+++ DATA EXCERPTS +++

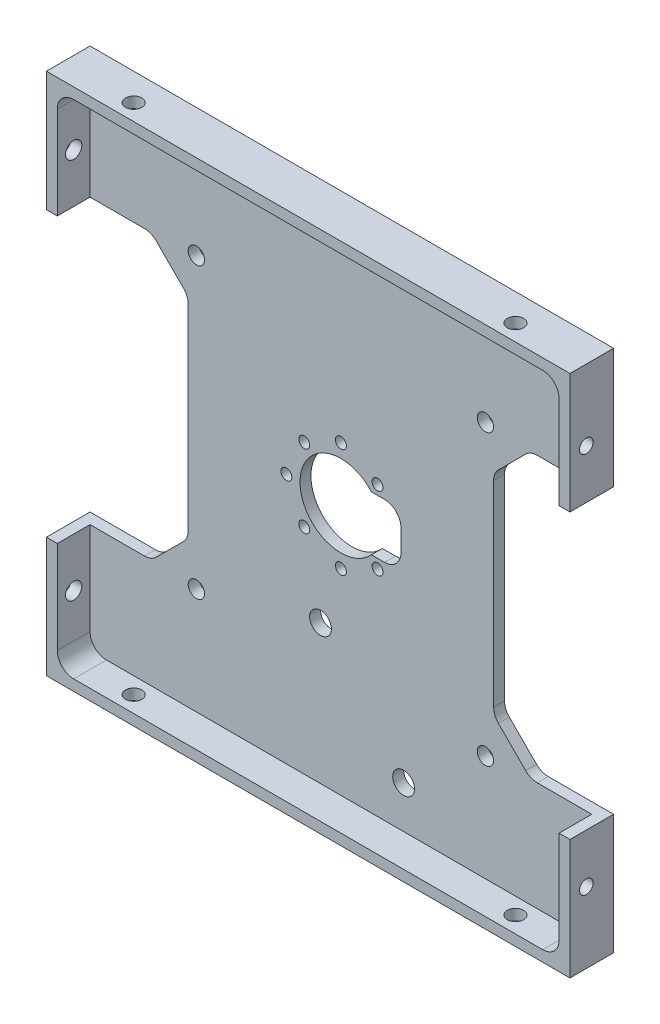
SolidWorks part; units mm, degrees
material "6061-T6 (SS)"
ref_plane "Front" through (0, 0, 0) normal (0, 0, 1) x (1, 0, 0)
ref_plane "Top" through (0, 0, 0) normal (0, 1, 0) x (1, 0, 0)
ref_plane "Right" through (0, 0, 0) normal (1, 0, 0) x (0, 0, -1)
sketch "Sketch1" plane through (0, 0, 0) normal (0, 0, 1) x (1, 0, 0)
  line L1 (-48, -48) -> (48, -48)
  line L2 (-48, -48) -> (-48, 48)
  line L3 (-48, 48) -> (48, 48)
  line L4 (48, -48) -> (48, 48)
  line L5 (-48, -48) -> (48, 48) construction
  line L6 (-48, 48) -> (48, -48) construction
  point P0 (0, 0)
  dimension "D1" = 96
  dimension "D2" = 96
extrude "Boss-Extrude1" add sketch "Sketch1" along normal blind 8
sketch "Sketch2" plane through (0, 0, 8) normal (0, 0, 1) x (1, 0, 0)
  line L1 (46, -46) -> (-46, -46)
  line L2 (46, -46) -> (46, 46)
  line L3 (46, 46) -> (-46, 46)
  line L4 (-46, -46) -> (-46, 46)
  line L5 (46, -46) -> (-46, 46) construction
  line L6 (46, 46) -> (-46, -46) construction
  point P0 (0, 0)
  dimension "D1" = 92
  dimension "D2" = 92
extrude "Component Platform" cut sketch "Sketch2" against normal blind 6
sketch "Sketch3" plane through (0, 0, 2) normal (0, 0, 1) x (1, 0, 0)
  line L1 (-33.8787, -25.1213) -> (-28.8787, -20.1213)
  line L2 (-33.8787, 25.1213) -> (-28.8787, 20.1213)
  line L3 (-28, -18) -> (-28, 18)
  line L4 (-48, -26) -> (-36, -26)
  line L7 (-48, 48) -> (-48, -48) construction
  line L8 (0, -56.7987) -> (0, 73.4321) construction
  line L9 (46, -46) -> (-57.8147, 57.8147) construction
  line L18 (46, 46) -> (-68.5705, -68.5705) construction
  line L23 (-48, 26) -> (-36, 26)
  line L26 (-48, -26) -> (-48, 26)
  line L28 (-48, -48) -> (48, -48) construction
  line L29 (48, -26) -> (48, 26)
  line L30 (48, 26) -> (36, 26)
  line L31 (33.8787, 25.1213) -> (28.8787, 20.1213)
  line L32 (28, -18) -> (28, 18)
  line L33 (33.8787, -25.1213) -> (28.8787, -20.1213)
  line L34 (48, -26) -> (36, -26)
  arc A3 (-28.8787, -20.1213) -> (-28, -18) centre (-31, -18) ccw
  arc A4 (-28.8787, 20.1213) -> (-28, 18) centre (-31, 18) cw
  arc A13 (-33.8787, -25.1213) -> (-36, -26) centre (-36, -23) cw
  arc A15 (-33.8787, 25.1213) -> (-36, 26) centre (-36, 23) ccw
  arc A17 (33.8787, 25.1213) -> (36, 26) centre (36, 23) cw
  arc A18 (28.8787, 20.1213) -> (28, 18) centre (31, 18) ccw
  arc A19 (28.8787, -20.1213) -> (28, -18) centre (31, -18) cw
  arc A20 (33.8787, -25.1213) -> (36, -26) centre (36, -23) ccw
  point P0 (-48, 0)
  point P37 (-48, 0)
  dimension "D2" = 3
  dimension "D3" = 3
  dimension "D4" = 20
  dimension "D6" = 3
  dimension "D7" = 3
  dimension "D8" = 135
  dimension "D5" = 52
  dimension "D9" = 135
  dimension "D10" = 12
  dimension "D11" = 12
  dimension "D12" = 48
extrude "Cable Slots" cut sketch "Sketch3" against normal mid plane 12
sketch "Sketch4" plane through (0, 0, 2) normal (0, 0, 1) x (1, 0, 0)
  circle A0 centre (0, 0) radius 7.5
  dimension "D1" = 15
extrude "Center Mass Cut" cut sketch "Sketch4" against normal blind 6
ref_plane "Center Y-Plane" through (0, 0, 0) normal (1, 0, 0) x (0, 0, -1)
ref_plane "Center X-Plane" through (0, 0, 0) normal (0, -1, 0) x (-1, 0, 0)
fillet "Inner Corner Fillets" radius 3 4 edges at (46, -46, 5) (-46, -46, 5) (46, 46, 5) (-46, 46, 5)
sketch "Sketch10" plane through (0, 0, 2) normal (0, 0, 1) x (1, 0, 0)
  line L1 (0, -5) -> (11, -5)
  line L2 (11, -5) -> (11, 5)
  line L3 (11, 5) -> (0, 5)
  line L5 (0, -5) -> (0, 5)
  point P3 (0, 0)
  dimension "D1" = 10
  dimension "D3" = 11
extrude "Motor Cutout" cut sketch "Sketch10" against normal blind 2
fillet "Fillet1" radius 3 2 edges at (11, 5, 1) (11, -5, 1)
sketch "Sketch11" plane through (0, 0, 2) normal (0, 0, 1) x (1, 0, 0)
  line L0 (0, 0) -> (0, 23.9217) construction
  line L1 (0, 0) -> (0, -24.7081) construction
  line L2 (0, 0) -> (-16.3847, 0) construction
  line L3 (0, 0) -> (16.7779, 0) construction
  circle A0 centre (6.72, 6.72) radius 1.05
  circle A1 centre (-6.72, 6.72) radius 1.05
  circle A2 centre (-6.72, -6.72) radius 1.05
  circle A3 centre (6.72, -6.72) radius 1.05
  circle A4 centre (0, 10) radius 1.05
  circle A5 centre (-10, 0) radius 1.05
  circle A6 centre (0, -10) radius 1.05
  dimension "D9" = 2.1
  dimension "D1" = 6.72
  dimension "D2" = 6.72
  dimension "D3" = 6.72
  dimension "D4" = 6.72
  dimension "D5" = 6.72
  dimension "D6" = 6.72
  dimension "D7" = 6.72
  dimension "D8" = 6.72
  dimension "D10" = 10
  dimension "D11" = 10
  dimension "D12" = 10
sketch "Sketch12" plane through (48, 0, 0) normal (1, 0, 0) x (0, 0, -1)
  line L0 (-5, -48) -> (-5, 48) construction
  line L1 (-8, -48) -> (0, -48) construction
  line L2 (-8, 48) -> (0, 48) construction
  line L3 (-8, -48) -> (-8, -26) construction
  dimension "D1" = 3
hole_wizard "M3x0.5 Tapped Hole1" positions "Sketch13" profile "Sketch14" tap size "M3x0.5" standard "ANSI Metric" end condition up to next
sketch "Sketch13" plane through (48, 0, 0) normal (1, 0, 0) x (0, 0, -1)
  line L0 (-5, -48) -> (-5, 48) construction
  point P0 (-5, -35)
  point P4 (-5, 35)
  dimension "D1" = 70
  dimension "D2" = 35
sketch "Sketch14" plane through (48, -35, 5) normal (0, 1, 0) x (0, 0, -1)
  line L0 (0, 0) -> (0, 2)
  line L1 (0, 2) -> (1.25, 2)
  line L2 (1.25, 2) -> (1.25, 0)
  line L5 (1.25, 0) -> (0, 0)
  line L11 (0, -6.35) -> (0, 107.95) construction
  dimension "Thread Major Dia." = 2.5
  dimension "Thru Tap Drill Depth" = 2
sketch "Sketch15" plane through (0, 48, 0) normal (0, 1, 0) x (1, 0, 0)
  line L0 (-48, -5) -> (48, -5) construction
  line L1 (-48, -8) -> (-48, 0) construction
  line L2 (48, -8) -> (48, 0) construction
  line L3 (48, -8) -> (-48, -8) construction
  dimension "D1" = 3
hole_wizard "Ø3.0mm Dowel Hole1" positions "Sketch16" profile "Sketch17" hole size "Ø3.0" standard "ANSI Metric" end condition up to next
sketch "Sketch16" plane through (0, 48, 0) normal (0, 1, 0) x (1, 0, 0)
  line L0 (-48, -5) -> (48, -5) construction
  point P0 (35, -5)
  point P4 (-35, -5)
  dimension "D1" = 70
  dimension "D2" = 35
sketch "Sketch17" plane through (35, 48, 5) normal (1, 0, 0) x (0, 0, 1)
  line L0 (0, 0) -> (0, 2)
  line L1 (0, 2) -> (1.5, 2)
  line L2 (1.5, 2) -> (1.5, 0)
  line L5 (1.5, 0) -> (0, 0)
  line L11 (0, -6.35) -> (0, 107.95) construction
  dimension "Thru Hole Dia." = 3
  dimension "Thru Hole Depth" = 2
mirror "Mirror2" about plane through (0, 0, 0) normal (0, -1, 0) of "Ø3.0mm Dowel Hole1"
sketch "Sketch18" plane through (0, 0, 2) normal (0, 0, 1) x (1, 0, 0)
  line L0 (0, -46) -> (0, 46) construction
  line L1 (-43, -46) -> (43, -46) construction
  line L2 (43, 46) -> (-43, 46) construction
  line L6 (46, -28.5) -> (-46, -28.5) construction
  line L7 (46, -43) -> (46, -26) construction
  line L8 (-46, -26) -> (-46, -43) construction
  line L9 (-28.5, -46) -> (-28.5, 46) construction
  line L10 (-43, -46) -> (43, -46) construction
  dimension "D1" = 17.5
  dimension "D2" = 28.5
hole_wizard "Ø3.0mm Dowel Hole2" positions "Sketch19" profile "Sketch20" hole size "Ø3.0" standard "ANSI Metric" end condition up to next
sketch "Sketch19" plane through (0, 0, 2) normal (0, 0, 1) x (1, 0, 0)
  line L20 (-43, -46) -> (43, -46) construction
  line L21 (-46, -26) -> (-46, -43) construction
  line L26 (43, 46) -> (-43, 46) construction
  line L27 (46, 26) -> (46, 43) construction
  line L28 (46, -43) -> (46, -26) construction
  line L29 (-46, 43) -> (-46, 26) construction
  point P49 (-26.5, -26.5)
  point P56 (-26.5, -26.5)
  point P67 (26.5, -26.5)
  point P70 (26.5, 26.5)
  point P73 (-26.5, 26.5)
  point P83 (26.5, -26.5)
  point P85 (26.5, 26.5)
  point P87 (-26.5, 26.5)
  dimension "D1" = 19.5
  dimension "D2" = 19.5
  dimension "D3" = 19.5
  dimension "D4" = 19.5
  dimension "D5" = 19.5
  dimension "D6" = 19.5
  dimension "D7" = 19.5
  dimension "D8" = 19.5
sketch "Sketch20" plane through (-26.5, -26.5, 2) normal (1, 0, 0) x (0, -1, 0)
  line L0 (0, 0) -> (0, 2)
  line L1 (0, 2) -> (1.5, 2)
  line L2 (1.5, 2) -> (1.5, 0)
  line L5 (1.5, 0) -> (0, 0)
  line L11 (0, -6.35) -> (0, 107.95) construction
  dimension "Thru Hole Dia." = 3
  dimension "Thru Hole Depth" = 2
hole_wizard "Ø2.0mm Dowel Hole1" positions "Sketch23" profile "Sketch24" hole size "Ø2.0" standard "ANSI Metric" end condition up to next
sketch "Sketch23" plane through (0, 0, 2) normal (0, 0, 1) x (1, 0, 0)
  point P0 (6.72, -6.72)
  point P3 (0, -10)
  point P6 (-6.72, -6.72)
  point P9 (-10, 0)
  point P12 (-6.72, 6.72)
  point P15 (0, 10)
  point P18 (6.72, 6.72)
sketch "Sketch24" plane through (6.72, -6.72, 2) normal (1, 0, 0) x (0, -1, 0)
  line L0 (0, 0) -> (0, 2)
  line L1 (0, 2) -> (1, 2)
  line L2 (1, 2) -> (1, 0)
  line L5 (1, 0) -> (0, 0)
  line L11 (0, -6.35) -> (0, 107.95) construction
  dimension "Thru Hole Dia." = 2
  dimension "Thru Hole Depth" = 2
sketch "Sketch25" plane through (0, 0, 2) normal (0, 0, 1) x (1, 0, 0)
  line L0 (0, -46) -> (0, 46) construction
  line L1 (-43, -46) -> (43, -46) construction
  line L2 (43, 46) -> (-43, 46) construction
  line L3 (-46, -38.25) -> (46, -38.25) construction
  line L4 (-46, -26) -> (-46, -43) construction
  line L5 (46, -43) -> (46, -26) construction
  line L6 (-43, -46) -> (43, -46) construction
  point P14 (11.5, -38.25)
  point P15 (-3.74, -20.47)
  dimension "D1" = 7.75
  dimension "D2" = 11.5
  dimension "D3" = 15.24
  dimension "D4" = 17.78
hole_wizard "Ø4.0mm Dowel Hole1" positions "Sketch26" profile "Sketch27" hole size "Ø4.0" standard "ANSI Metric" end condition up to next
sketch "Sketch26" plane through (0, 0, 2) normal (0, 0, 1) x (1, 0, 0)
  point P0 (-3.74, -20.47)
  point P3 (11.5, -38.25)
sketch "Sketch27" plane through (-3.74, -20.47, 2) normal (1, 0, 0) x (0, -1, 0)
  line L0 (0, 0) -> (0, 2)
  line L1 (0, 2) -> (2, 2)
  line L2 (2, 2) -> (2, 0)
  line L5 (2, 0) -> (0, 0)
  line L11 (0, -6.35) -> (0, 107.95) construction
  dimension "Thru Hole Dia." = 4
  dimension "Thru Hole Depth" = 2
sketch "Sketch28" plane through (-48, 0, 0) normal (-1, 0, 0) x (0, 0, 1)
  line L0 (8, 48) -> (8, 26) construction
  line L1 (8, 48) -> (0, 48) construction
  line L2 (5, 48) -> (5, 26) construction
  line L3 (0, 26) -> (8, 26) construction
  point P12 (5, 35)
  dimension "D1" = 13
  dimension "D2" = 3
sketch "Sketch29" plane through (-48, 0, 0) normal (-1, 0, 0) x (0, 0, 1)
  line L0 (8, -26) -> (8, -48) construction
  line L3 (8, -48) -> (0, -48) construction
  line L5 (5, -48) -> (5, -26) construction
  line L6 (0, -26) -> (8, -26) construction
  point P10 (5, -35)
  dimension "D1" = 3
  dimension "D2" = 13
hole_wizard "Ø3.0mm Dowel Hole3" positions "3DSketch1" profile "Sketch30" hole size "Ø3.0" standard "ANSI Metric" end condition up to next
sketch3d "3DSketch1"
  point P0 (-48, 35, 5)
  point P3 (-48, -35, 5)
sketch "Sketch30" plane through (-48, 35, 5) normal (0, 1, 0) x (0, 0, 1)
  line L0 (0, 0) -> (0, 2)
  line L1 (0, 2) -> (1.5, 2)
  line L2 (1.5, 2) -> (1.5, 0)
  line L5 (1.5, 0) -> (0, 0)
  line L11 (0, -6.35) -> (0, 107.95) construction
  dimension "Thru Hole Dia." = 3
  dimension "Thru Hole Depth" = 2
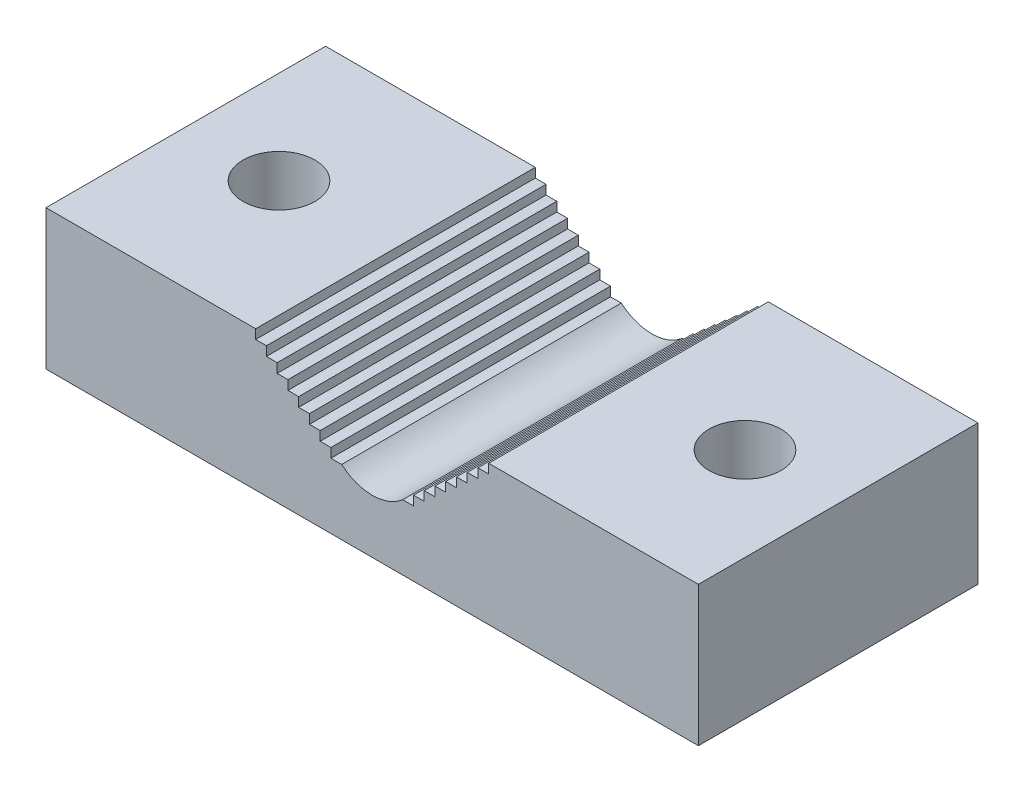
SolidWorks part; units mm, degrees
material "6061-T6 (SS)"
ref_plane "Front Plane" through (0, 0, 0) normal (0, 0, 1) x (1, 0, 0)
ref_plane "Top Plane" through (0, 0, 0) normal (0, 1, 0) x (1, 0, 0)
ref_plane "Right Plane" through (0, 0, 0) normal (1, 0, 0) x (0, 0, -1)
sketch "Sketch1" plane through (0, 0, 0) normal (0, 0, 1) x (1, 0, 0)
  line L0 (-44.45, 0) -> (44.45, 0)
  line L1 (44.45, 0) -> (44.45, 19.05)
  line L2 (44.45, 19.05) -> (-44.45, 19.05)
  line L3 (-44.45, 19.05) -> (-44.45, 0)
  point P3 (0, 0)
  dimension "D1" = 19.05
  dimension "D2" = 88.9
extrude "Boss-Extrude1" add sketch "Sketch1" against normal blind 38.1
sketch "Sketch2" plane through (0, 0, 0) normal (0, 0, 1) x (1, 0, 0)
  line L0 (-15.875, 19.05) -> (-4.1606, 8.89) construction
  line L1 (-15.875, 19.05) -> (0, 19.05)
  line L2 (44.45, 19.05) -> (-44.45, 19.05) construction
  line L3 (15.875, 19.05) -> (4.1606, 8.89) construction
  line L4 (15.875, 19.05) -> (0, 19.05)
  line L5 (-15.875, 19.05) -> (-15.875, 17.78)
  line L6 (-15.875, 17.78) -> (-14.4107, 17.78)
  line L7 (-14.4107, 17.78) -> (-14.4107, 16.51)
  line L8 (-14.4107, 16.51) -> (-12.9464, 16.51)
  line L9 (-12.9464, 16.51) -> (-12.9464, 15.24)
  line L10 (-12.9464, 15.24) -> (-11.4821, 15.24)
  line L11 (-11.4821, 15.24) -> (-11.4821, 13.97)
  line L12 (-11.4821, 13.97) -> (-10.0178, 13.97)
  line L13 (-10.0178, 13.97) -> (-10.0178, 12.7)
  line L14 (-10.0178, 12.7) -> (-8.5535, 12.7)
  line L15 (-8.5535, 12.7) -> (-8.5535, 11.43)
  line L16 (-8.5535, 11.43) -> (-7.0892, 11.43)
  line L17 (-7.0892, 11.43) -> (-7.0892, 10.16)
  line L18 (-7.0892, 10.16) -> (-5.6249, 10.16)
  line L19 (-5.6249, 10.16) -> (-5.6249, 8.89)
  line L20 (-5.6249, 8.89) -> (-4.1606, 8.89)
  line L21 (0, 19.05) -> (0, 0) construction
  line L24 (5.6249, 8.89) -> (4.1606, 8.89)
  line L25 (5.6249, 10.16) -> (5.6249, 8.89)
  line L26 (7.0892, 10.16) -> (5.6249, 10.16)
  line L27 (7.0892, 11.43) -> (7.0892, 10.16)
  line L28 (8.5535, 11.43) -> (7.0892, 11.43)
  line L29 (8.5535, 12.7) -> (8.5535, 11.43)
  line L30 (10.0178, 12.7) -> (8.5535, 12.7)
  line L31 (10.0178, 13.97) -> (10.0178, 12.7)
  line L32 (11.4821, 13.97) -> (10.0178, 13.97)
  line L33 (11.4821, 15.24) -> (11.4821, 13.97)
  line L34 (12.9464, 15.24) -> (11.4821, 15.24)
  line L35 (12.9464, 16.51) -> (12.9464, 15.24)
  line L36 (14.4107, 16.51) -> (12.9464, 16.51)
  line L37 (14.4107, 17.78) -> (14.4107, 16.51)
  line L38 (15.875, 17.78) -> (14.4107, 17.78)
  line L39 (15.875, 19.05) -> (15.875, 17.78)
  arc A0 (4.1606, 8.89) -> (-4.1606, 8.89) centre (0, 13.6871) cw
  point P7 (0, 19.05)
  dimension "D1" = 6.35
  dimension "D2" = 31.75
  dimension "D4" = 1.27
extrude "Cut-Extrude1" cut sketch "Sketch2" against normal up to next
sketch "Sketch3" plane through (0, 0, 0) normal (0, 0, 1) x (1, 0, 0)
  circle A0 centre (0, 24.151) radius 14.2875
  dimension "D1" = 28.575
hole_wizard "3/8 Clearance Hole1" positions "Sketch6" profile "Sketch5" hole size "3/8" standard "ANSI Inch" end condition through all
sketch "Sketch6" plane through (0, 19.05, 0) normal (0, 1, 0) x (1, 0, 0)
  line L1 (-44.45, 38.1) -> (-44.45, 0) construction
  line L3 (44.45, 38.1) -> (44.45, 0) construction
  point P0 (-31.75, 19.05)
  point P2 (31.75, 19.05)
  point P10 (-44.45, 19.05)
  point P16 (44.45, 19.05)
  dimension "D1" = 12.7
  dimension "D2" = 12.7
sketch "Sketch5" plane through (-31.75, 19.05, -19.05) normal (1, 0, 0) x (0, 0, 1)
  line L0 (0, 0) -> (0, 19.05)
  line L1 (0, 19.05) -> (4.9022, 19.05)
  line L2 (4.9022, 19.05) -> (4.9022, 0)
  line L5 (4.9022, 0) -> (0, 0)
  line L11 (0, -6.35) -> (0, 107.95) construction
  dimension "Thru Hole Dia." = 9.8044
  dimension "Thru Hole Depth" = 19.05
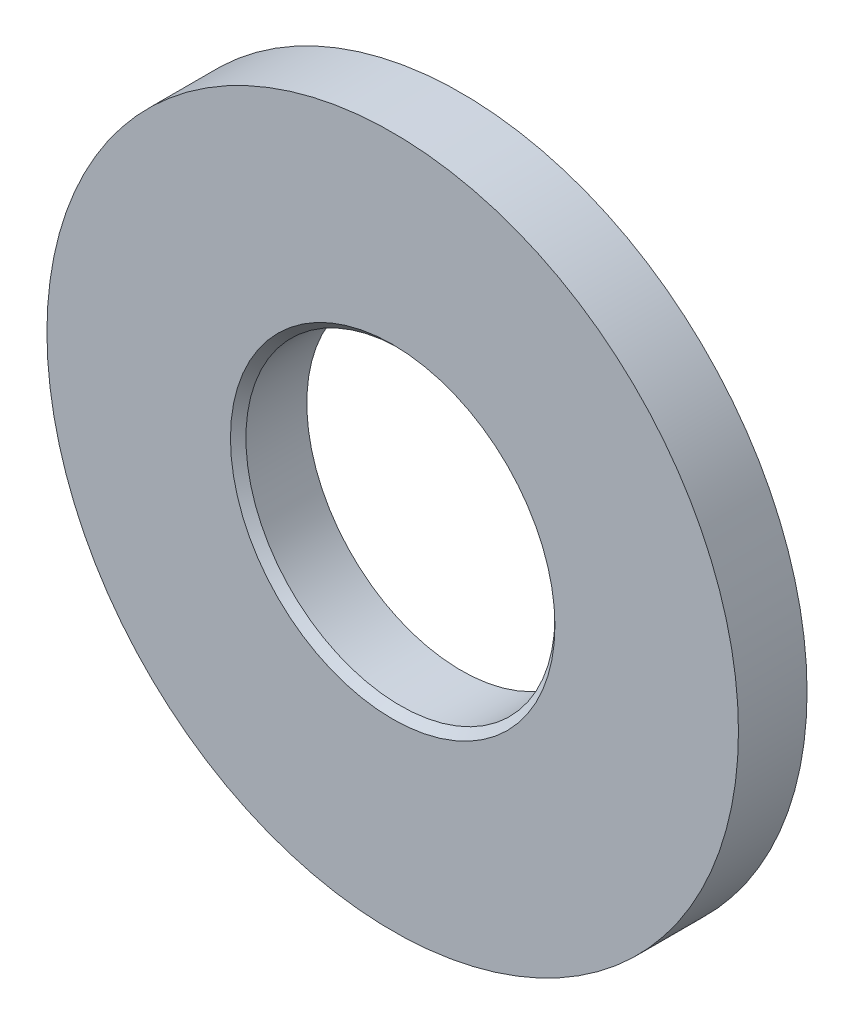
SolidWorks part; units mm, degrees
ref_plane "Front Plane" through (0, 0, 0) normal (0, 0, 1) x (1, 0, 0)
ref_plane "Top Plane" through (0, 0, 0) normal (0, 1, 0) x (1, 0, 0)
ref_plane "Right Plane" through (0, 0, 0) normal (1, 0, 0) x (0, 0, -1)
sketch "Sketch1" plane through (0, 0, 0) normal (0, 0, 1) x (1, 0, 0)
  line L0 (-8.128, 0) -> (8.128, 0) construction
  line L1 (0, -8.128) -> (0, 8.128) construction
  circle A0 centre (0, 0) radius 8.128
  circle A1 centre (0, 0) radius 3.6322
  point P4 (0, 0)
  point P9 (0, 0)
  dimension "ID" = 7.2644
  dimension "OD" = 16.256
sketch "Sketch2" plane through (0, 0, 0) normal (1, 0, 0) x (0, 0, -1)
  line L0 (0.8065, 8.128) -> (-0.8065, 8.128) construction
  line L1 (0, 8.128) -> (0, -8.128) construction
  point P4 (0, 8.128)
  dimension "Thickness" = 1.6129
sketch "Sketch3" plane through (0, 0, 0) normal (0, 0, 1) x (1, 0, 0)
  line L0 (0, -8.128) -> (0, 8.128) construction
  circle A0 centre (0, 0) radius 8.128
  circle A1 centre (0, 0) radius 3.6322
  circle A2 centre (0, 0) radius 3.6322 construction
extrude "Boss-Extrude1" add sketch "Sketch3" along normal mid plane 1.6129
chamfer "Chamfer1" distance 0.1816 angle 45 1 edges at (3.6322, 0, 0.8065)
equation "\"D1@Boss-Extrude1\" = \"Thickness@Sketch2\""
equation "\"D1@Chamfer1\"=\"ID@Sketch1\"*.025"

+++

§ **PROBLEM REQUIREMENTS**
Determine the number of lines in the data above that include the word "Center", then answer with that number alone.

§ **SOLVED PROBLEM**
3